**Your task**
Print, from the listing below, the lines starting at the line containing "mat_material_001.use_transparent_shadow = False" and ending at the line containing "n0.inputs[27].default_value = (0.0, 0.0, 0.0, 1.0)", exactly as they stand, and print nothing else.

(Provided information begins)

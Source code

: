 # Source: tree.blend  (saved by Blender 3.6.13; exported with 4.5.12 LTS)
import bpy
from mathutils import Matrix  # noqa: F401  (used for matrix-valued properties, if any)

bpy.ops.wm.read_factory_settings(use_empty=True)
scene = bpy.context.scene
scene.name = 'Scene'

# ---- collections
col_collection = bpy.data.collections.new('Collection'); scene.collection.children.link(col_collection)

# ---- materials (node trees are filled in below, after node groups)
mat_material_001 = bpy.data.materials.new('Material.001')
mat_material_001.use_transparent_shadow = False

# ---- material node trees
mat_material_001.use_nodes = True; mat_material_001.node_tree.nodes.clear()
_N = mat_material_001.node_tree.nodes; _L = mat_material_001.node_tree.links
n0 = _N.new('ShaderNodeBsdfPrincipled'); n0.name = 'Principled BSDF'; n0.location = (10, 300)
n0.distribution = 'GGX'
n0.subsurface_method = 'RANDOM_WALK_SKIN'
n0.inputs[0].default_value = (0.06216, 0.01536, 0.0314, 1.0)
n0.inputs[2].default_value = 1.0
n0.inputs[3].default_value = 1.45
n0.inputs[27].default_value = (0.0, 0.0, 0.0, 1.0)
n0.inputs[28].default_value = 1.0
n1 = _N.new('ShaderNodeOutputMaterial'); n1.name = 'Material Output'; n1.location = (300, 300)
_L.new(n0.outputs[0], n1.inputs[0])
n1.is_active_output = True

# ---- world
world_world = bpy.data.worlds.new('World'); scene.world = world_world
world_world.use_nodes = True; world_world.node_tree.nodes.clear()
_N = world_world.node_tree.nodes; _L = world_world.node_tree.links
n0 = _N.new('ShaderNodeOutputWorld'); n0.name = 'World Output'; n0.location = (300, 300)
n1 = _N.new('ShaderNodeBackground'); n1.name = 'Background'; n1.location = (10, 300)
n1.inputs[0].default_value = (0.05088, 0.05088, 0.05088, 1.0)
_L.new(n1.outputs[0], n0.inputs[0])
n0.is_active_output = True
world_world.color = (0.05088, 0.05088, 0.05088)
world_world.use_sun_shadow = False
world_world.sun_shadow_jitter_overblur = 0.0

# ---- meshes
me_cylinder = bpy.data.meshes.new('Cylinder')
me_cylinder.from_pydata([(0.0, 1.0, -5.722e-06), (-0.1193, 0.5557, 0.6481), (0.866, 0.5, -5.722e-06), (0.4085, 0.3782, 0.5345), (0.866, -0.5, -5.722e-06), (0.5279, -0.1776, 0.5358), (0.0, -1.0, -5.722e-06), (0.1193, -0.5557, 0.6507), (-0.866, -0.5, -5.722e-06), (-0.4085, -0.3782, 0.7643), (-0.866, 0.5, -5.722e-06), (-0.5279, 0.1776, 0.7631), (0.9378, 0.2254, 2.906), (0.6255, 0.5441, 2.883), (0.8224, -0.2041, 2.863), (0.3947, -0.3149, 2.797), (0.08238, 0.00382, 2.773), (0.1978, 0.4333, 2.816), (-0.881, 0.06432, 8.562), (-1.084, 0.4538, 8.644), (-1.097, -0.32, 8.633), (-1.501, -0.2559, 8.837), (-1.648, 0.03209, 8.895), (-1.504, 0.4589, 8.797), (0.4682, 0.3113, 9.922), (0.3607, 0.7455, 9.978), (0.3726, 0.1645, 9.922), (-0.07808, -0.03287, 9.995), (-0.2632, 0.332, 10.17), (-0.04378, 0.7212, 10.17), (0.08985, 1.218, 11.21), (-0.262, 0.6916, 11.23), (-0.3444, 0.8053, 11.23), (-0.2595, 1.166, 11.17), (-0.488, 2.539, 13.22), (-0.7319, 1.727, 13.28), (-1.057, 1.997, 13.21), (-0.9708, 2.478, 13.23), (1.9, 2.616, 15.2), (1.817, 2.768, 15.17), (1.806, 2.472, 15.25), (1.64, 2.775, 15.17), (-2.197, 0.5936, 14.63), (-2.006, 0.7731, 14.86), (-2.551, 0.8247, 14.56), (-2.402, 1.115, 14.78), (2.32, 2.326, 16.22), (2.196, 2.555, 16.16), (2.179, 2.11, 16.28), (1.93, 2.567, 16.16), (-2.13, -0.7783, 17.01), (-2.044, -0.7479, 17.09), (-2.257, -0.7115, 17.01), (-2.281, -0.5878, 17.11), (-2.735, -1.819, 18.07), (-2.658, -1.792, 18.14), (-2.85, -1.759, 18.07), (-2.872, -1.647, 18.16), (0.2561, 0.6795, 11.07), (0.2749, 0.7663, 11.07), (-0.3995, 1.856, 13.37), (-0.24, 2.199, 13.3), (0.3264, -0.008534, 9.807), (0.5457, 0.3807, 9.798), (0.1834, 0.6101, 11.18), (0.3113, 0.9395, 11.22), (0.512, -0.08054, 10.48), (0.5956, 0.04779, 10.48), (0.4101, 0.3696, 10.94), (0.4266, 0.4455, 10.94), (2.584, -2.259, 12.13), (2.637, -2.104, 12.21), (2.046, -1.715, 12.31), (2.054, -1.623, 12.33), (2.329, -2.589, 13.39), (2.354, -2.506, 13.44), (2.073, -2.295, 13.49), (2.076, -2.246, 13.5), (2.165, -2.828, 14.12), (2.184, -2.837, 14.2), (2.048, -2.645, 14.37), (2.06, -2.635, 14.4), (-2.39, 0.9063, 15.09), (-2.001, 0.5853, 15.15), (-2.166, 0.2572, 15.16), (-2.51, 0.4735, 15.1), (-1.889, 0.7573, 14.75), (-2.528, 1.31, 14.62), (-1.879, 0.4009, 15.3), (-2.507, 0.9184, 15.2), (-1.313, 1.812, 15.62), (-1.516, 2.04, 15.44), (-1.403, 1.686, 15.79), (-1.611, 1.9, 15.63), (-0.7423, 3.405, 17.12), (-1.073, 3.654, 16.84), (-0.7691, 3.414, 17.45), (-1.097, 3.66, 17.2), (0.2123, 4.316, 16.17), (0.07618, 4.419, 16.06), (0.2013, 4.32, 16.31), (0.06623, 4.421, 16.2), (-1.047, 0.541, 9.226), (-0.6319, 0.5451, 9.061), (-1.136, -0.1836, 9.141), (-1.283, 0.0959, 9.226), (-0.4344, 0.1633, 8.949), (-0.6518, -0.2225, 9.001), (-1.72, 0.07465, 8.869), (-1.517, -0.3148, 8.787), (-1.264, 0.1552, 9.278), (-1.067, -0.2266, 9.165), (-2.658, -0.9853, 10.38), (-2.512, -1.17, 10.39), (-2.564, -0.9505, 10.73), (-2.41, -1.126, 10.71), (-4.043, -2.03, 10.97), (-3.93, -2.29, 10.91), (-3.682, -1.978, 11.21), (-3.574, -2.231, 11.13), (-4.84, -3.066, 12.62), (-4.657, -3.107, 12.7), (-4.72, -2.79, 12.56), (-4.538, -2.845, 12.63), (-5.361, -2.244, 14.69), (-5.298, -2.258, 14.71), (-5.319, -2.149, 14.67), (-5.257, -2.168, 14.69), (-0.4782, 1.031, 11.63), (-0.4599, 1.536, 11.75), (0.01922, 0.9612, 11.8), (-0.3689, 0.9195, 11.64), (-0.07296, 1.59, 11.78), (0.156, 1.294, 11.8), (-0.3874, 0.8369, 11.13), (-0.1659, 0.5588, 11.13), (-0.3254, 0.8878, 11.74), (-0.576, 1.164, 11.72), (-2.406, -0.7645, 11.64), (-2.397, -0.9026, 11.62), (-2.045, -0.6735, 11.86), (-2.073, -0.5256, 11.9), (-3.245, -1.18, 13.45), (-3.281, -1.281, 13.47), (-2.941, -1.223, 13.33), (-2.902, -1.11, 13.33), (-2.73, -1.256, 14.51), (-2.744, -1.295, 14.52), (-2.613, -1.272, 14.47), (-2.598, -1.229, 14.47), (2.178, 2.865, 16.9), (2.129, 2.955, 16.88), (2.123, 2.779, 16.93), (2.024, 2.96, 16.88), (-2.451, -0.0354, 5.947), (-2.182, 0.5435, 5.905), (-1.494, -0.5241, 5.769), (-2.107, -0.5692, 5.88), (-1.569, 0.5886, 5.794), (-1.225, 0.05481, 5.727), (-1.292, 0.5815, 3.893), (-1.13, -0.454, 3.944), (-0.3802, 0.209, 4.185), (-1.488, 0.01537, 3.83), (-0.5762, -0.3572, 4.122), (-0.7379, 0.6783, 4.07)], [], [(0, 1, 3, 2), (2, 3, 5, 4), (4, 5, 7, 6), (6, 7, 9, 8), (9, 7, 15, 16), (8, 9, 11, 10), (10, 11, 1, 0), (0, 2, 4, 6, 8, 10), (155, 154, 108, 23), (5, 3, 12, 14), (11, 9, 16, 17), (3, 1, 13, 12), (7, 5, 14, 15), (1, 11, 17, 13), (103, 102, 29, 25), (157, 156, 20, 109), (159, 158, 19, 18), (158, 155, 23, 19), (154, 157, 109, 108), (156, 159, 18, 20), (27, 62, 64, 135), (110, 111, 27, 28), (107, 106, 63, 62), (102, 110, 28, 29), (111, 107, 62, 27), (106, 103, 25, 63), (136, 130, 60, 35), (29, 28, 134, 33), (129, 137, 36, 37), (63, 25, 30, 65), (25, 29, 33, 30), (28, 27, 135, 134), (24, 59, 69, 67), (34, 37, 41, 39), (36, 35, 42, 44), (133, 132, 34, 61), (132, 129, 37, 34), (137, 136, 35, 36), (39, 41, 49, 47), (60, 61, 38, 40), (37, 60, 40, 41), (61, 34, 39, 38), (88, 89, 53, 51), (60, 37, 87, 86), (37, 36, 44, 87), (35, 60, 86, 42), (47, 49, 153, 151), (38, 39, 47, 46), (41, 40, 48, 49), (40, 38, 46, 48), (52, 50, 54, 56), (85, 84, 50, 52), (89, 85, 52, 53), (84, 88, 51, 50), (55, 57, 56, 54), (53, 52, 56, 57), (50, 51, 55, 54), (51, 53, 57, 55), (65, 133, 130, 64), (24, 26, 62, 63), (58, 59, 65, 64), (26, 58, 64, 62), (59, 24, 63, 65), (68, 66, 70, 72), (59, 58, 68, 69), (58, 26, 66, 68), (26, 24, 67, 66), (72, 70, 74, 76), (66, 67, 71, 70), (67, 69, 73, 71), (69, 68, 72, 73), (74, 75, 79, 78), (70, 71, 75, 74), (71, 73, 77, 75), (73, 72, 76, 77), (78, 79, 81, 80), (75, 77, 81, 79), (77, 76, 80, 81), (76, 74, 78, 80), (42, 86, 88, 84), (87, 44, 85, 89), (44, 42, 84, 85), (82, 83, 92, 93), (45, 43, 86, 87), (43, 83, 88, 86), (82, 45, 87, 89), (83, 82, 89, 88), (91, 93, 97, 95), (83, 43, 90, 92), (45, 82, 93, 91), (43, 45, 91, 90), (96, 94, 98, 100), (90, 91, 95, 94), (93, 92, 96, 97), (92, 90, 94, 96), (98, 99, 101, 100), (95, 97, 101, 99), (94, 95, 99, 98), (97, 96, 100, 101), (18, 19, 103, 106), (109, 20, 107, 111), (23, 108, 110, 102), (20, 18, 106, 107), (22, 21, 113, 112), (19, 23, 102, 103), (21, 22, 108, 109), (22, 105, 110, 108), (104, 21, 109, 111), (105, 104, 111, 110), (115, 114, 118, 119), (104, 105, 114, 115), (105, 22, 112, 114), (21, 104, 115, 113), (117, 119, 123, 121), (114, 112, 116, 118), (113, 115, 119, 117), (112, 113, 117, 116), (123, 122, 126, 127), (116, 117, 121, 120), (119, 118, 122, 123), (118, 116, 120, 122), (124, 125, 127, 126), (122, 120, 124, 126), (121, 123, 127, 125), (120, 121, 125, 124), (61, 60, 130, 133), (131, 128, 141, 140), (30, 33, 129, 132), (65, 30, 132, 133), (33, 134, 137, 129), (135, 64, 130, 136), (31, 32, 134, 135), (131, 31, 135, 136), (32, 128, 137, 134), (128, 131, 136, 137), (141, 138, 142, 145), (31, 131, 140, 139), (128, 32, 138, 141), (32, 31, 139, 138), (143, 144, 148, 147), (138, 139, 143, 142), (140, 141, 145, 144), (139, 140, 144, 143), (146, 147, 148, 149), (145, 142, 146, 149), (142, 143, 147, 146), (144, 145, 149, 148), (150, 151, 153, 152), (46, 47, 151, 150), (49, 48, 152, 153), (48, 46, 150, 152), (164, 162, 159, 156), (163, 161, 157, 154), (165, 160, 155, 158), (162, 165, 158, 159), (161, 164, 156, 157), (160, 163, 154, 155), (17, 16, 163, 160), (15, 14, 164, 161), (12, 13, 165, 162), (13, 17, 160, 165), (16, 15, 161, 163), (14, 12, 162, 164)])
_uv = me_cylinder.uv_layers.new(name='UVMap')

(Provided information ends)

**Task result**
mat_material_001.use_transparent_shadow = False

# ---- material node trees
mat_material_001.use_nodes = True; mat_material_001.node_tree.nodes.clear()
_N = mat_material_001.node_tree.nodes; _L = mat_material_001.node_tree.links
n0 = _N.new('ShaderNodeBsdfPrincipled'); n0.name = 'Principled BSDF'; n0.location = (10, 300)
n0.distribution = 'GGX'
n0.subsurface_method = 'RANDOM_WALK_SKIN'
n0.inputs[0].default_value = (0.06216, 0.01536, 0.0314, 1.0)
n0.inputs[2].default_value = 1.0
n0.inputs[3].default_value = 1.45
n0.inputs[27].default_value = (0.0, 0.0, 0.0, 1.0)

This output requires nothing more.